__What needs to be done__
Please give the count of lines below with the string "targetPoint" in them, and no other words.

Extracted records:

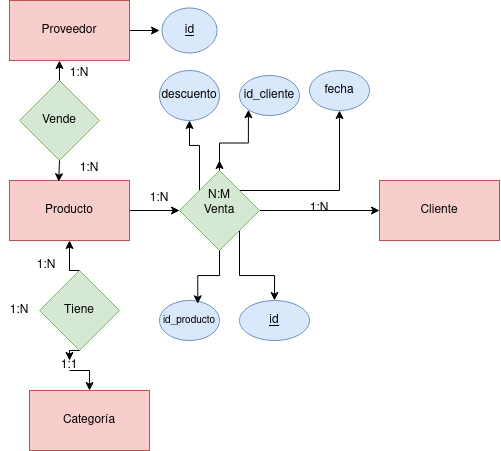

The diagram above was exported from draw.io. Its source (the exported page's mxGraphModel, read from the mxfile embedded in the PNG):
<mxGraphModel dx="630" dy="448" grid="1" gridSize="10" guides="1" tooltips="1" connect="1" arrows="1" fold="1" page="1" pageScale="1" pageWidth="827" pageHeight="1169" math="0" shadow="0">
  <root>
    <mxCell id="0" />
    <mxCell id="1" parent="0" />
    <mxCell id="OxDPy_gD0Yd_Nay8_59l-13" style="edgeStyle=orthogonalEdgeStyle;rounded=0;orthogonalLoop=1;jettySize=auto;html=1;exitX=1;exitY=0.5;exitDx=0;exitDy=0;entryX=0;entryY=0.5;entryDx=0;entryDy=0;" edge="1" parent="1" source="OxDPy_gD0Yd_Nay8_59l-2" target="OxDPy_gD0Yd_Nay8_59l-6">
      <mxGeometry relative="1" as="geometry" />
    </mxCell>
    <mxCell id="OxDPy_gD0Yd_Nay8_59l-2" value="Producto" style="rounded=0;whiteSpace=wrap;html=1;fillColor=#f8cecc;strokeColor=#b85450;" vertex="1" parent="1">
      <mxGeometry x="280" y="240" width="120" height="60" as="geometry" />
    </mxCell>
    <mxCell id="OxDPy_gD0Yd_Nay8_59l-3" value="Cliente" style="rounded=0;whiteSpace=wrap;html=1;fillColor=#f8cecc;strokeColor=#b85450;" vertex="1" parent="1">
      <mxGeometry x="650" y="240" width="120" height="60" as="geometry" />
    </mxCell>
    <mxCell id="OxDPy_gD0Yd_Nay8_59l-4" value="Categoría" style="rounded=0;whiteSpace=wrap;html=1;fillColor=#f8cecc;strokeColor=#b85450;" vertex="1" parent="1">
      <mxGeometry x="300" y="450" width="120" height="60" as="geometry" />
    </mxCell>
    <mxCell id="OxDPy_gD0Yd_Nay8_59l-35" style="edgeStyle=orthogonalEdgeStyle;rounded=0;orthogonalLoop=1;jettySize=auto;html=1;exitX=1;exitY=0.5;exitDx=0;exitDy=0;" edge="1" parent="1" source="OxDPy_gD0Yd_Nay8_59l-5">
      <mxGeometry relative="1" as="geometry">
        <mxPoint x="430" y="90.26086956521738" as="targetPoint" />
      </mxGeometry>
    </mxCell>
    <mxCell id="OxDPy_gD0Yd_Nay8_59l-5" value="Proveedor" style="rounded=0;whiteSpace=wrap;html=1;fillColor=#f8cecc;strokeColor=#b85450;" vertex="1" parent="1">
      <mxGeometry x="280" y="60" width="120" height="60" as="geometry" />
    </mxCell>
    <mxCell id="OxDPy_gD0Yd_Nay8_59l-14" style="edgeStyle=orthogonalEdgeStyle;rounded=0;orthogonalLoop=1;jettySize=auto;html=1;exitX=1;exitY=0.5;exitDx=0;exitDy=0;entryX=0;entryY=0.5;entryDx=0;entryDy=0;" edge="1" parent="1" source="OxDPy_gD0Yd_Nay8_59l-6" target="OxDPy_gD0Yd_Nay8_59l-3">
      <mxGeometry relative="1" as="geometry" />
    </mxCell>
    <mxCell id="OxDPy_gD0Yd_Nay8_59l-28" style="edgeStyle=orthogonalEdgeStyle;rounded=0;orthogonalLoop=1;jettySize=auto;html=1;exitX=1;exitY=1;exitDx=0;exitDy=0;" edge="1" parent="1" source="OxDPy_gD0Yd_Nay8_59l-6" target="OxDPy_gD0Yd_Nay8_59l-26">
      <mxGeometry relative="1" as="geometry" />
    </mxCell>
    <mxCell id="OxDPy_gD0Yd_Nay8_59l-29" style="edgeStyle=orthogonalEdgeStyle;rounded=0;orthogonalLoop=1;jettySize=auto;html=1;exitX=0;exitY=0;exitDx=0;exitDy=0;entryX=0.5;entryY=1;entryDx=0;entryDy=0;" edge="1" parent="1" source="OxDPy_gD0Yd_Nay8_59l-6" target="OxDPy_gD0Yd_Nay8_59l-22">
      <mxGeometry relative="1" as="geometry" />
    </mxCell>
    <mxCell id="OxDPy_gD0Yd_Nay8_59l-31" style="edgeStyle=orthogonalEdgeStyle;rounded=0;orthogonalLoop=1;jettySize=auto;html=1;exitX=0.5;exitY=0;exitDx=0;exitDy=0;entryX=0;entryY=1;entryDx=0;entryDy=0;" edge="1" parent="1" source="OxDPy_gD0Yd_Nay8_59l-6" target="OxDPy_gD0Yd_Nay8_59l-23">
      <mxGeometry relative="1" as="geometry" />
    </mxCell>
    <mxCell id="OxDPy_gD0Yd_Nay8_59l-32" style="edgeStyle=orthogonalEdgeStyle;rounded=0;orthogonalLoop=1;jettySize=auto;html=1;exitX=1;exitY=0;exitDx=0;exitDy=0;" edge="1" parent="1" source="OxDPy_gD0Yd_Nay8_59l-6" target="OxDPy_gD0Yd_Nay8_59l-24">
      <mxGeometry relative="1" as="geometry" />
    </mxCell>
    <mxCell id="OxDPy_gD0Yd_Nay8_59l-47" style="edgeStyle=orthogonalEdgeStyle;rounded=0;orthogonalLoop=1;jettySize=auto;html=1;exitX=0.5;exitY=0;exitDx=0;exitDy=0;" edge="1" parent="1" source="OxDPy_gD0Yd_Nay8_59l-6">
      <mxGeometry relative="1" as="geometry">
        <mxPoint x="490" y="220" as="targetPoint" />
      </mxGeometry>
    </mxCell>
    <mxCell id="OxDPy_gD0Yd_Nay8_59l-6" value="Venta" style="rhombus;whiteSpace=wrap;html=1;fillColor=#d5e8d4;strokeColor=#82b366;" vertex="1" parent="1">
      <mxGeometry x="450" y="230" width="80" height="80" as="geometry" />
    </mxCell>
    <mxCell id="OxDPy_gD0Yd_Nay8_59l-7" value="Vende" style="rhombus;whiteSpace=wrap;html=1;fillColor=#d5e8d4;strokeColor=#82b366;" vertex="1" parent="1">
      <mxGeometry x="290" y="140" width="80" height="80" as="geometry" />
    </mxCell>
    <mxCell id="OxDPy_gD0Yd_Nay8_59l-9" style="edgeStyle=orthogonalEdgeStyle;rounded=0;orthogonalLoop=1;jettySize=auto;html=1;exitX=0.5;exitY=1;exitDx=0;exitDy=0;entryX=0.5;entryY=0;entryDx=0;entryDy=0;" edge="1" parent="1" source="OxDPy_gD0Yd_Nay8_59l-37" target="OxDPy_gD0Yd_Nay8_59l-4">
      <mxGeometry relative="1" as="geometry" />
    </mxCell>
    <mxCell id="OxDPy_gD0Yd_Nay8_59l-10" style="edgeStyle=orthogonalEdgeStyle;rounded=0;orthogonalLoop=1;jettySize=auto;html=1;exitX=0.5;exitY=0;exitDx=0;exitDy=0;entryX=0.5;entryY=1;entryDx=0;entryDy=0;" edge="1" parent="1" source="OxDPy_gD0Yd_Nay8_59l-8" target="OxDPy_gD0Yd_Nay8_59l-2">
      <mxGeometry relative="1" as="geometry" />
    </mxCell>
    <mxCell id="OxDPy_gD0Yd_Nay8_59l-8" value="Tiene" style="rhombus;whiteSpace=wrap;html=1;fillColor=#d5e8d4;strokeColor=#82b366;" vertex="1" parent="1">
      <mxGeometry x="310" y="330" width="80" height="80" as="geometry" />
    </mxCell>
    <mxCell id="OxDPy_gD0Yd_Nay8_59l-19" style="edgeStyle=orthogonalEdgeStyle;rounded=0;orthogonalLoop=1;jettySize=auto;html=1;exitX=0.5;exitY=1;exitDx=0;exitDy=0;entryX=0.41;entryY=0.02;entryDx=0;entryDy=0;entryPerimeter=0;" edge="1" parent="1" source="OxDPy_gD0Yd_Nay8_59l-7" target="OxDPy_gD0Yd_Nay8_59l-2">
      <mxGeometry relative="1" as="geometry" />
    </mxCell>
    <mxCell id="OxDPy_gD0Yd_Nay8_59l-21" style="edgeStyle=orthogonalEdgeStyle;rounded=0;orthogonalLoop=1;jettySize=auto;html=1;exitX=0.5;exitY=0;exitDx=0;exitDy=0;entryX=0.416;entryY=1;entryDx=0;entryDy=0;entryPerimeter=0;" edge="1" parent="1" source="OxDPy_gD0Yd_Nay8_59l-7" target="OxDPy_gD0Yd_Nay8_59l-5">
      <mxGeometry relative="1" as="geometry" />
    </mxCell>
    <mxCell id="OxDPy_gD0Yd_Nay8_59l-22" value="descuento" style="ellipse;whiteSpace=wrap;html=1;fillColor=#dae8fc;strokeColor=#6c8ebf;" vertex="1" parent="1">
      <mxGeometry x="430" y="130" width="60" height="50" as="geometry" />
    </mxCell>
    <mxCell id="OxDPy_gD0Yd_Nay8_59l-23" value="id_cliente" style="ellipse;whiteSpace=wrap;html=1;fillColor=#dae8fc;strokeColor=#6c8ebf;" vertex="1" parent="1">
      <mxGeometry x="510" y="135" width="60" height="40" as="geometry" />
    </mxCell>
    <mxCell id="OxDPy_gD0Yd_Nay8_59l-24" value="fecha" style="ellipse;whiteSpace=wrap;html=1;fillColor=#dae8fc;strokeColor=#6c8ebf;" vertex="1" parent="1">
      <mxGeometry x="580" y="130" width="60" height="40" as="geometry" />
    </mxCell>
    <mxCell id="OxDPy_gD0Yd_Nay8_59l-25" value="&lt;font size=&quot;1&quot;&gt;id_producto&lt;br&gt;&lt;/font&gt;" style="ellipse;whiteSpace=wrap;html=1;fillColor=#dae8fc;strokeColor=#6c8ebf;" vertex="1" parent="1">
      <mxGeometry x="430" y="360" width="60" height="40" as="geometry" />
    </mxCell>
    <mxCell id="OxDPy_gD0Yd_Nay8_59l-26" value="&lt;u&gt;id&lt;/u&gt;" style="ellipse;whiteSpace=wrap;html=1;fillColor=#dae8fc;strokeColor=#6c8ebf;" vertex="1" parent="1">
      <mxGeometry x="510" y="360" width="70" height="40" as="geometry" />
    </mxCell>
    <mxCell id="OxDPy_gD0Yd_Nay8_59l-27" style="edgeStyle=orthogonalEdgeStyle;rounded=0;orthogonalLoop=1;jettySize=auto;html=1;exitX=0.5;exitY=1;exitDx=0;exitDy=0;entryX=0.638;entryY=0.083;entryDx=0;entryDy=0;entryPerimeter=0;" edge="1" parent="1" source="OxDPy_gD0Yd_Nay8_59l-6" target="OxDPy_gD0Yd_Nay8_59l-25">
      <mxGeometry relative="1" as="geometry" />
    </mxCell>
    <mxCell id="OxDPy_gD0Yd_Nay8_59l-36" value="&lt;u&gt;id&lt;/u&gt;" style="ellipse;whiteSpace=wrap;html=1;fillColor=#dae8fc;strokeColor=#6c8ebf;" vertex="1" parent="1">
      <mxGeometry x="432.5" y="67.5" width="55" height="45" as="geometry" />
    </mxCell>
    <mxCell id="OxDPy_gD0Yd_Nay8_59l-38" value="" style="edgeStyle=orthogonalEdgeStyle;rounded=0;orthogonalLoop=1;jettySize=auto;html=1;exitX=0.5;exitY=1;exitDx=0;exitDy=0;entryX=0.5;entryY=0;entryDx=0;entryDy=0;" edge="1" parent="1" source="OxDPy_gD0Yd_Nay8_59l-8" target="OxDPy_gD0Yd_Nay8_59l-37">
      <mxGeometry relative="1" as="geometry">
        <mxPoint x="350" y="410" as="sourcePoint" />
        <mxPoint x="360" y="450" as="targetPoint" />
      </mxGeometry>
    </mxCell>
    <mxCell id="OxDPy_gD0Yd_Nay8_59l-37" value="1:1" style="text;html=1;strokeColor=none;fillColor=none;align=center;verticalAlign=middle;whiteSpace=wrap;rounded=0;" vertex="1" parent="1">
      <mxGeometry x="327" y="420" width="26" height="10" as="geometry" />
    </mxCell>
    <mxCell id="OxDPy_gD0Yd_Nay8_59l-39" value="1:N" style="text;html=1;strokeColor=none;fillColor=none;align=center;verticalAlign=middle;whiteSpace=wrap;rounded=0;" vertex="1" parent="1">
      <mxGeometry x="270" y="362.5" width="40" height="15" as="geometry" />
    </mxCell>
    <mxCell id="OxDPy_gD0Yd_Nay8_59l-43" value="1:N" style="text;html=1;strokeColor=none;fillColor=none;align=center;verticalAlign=middle;whiteSpace=wrap;rounded=0;" vertex="1" parent="1">
      <mxGeometry x="307" y="320" width="20" height="10" as="geometry" />
    </mxCell>
    <mxCell id="OxDPy_gD0Yd_Nay8_59l-44" value="1:N" style="text;html=1;strokeColor=none;fillColor=none;align=center;verticalAlign=middle;whiteSpace=wrap;rounded=0;" vertex="1" parent="1">
      <mxGeometry x="340" y="220" width="40" height="15" as="geometry" />
    </mxCell>
    <mxCell id="OxDPy_gD0Yd_Nay8_59l-45" value="1:N" style="text;html=1;strokeColor=none;fillColor=none;align=center;verticalAlign=middle;whiteSpace=wrap;rounded=0;" vertex="1" parent="1">
      <mxGeometry x="570" y="260" width="40" height="15" as="geometry" />
    </mxCell>
    <mxCell id="OxDPy_gD0Yd_Nay8_59l-46" value="1:N" style="text;html=1;strokeColor=none;fillColor=none;align=center;verticalAlign=middle;whiteSpace=wrap;rounded=0;" vertex="1" parent="1">
      <mxGeometry x="410" y="250" width="40" height="15" as="geometry" />
    </mxCell>
    <mxCell id="OxDPy_gD0Yd_Nay8_59l-48" value="N:M" style="text;html=1;strokeColor=none;fillColor=none;align=center;verticalAlign=middle;whiteSpace=wrap;rounded=0;" vertex="1" parent="1">
      <mxGeometry x="475" y="245" width="30" height="20" as="geometry" />
    </mxCell>
    <mxCell id="OxDPy_gD0Yd_Nay8_59l-50" value="1:N" style="text;html=1;strokeColor=none;fillColor=none;align=center;verticalAlign=middle;whiteSpace=wrap;rounded=0;" vertex="1" parent="1">
      <mxGeometry x="330" y="125" width="40" height="15" as="geometry" />
    </mxCell>
  </root>
</mxGraphModel>

__Answer to the problem__
3